Metamath Proof Explorer

Theorem serfre

Description: An infinite series of real numbers is a function from NN to RR . (Contributed by NM, 18-Apr-2005) (Revised by Mario Carneiro, 27-May-2014)

		Ref	Expression
	Hypotheses	serf.1	\|- Z = ( ZZ>= ` M )
		serf.2	\|- ( ph -> M e. ZZ )
		serfre.3	\|- ( ( ph /\ k e. Z ) -> ( F ` k ) e.
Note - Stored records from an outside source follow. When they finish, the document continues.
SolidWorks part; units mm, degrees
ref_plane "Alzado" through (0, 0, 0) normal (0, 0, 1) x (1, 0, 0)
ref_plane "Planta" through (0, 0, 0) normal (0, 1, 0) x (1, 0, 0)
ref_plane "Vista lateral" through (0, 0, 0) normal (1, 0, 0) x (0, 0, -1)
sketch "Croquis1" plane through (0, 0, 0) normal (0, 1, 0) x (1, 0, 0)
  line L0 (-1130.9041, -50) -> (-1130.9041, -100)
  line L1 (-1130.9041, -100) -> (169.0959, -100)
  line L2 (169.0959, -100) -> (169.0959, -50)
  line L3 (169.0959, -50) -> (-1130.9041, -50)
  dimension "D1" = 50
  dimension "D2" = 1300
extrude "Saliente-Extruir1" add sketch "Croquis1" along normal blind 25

RR )
	Assertion	serfre	\|- ( ph -> seq M ( + , F ) : Z --> RR )

Proof

Step	Hyp	Ref	Expression
1		serf.1	\|- Z = ( ZZ>= ` M )
2		serf.2	\|- ( ph -> M e. ZZ )
3		serfre.3	\|- ( ( ph /\ k e. Z ) -> ( F ` k ) e. RR )
4		readdcl	\|- ( ( k e. RR /\ x e. RR ) -> ( k + x ) e. RR )
5	4	adantl	\|- ( ( ph /\ ( k e. RR /\ x e. RR ) ) -> ( k + x ) e. RR )
6	1 2 3 5	seqf	\|- ( ph -> seq M ( + , F ) : Z --> RR )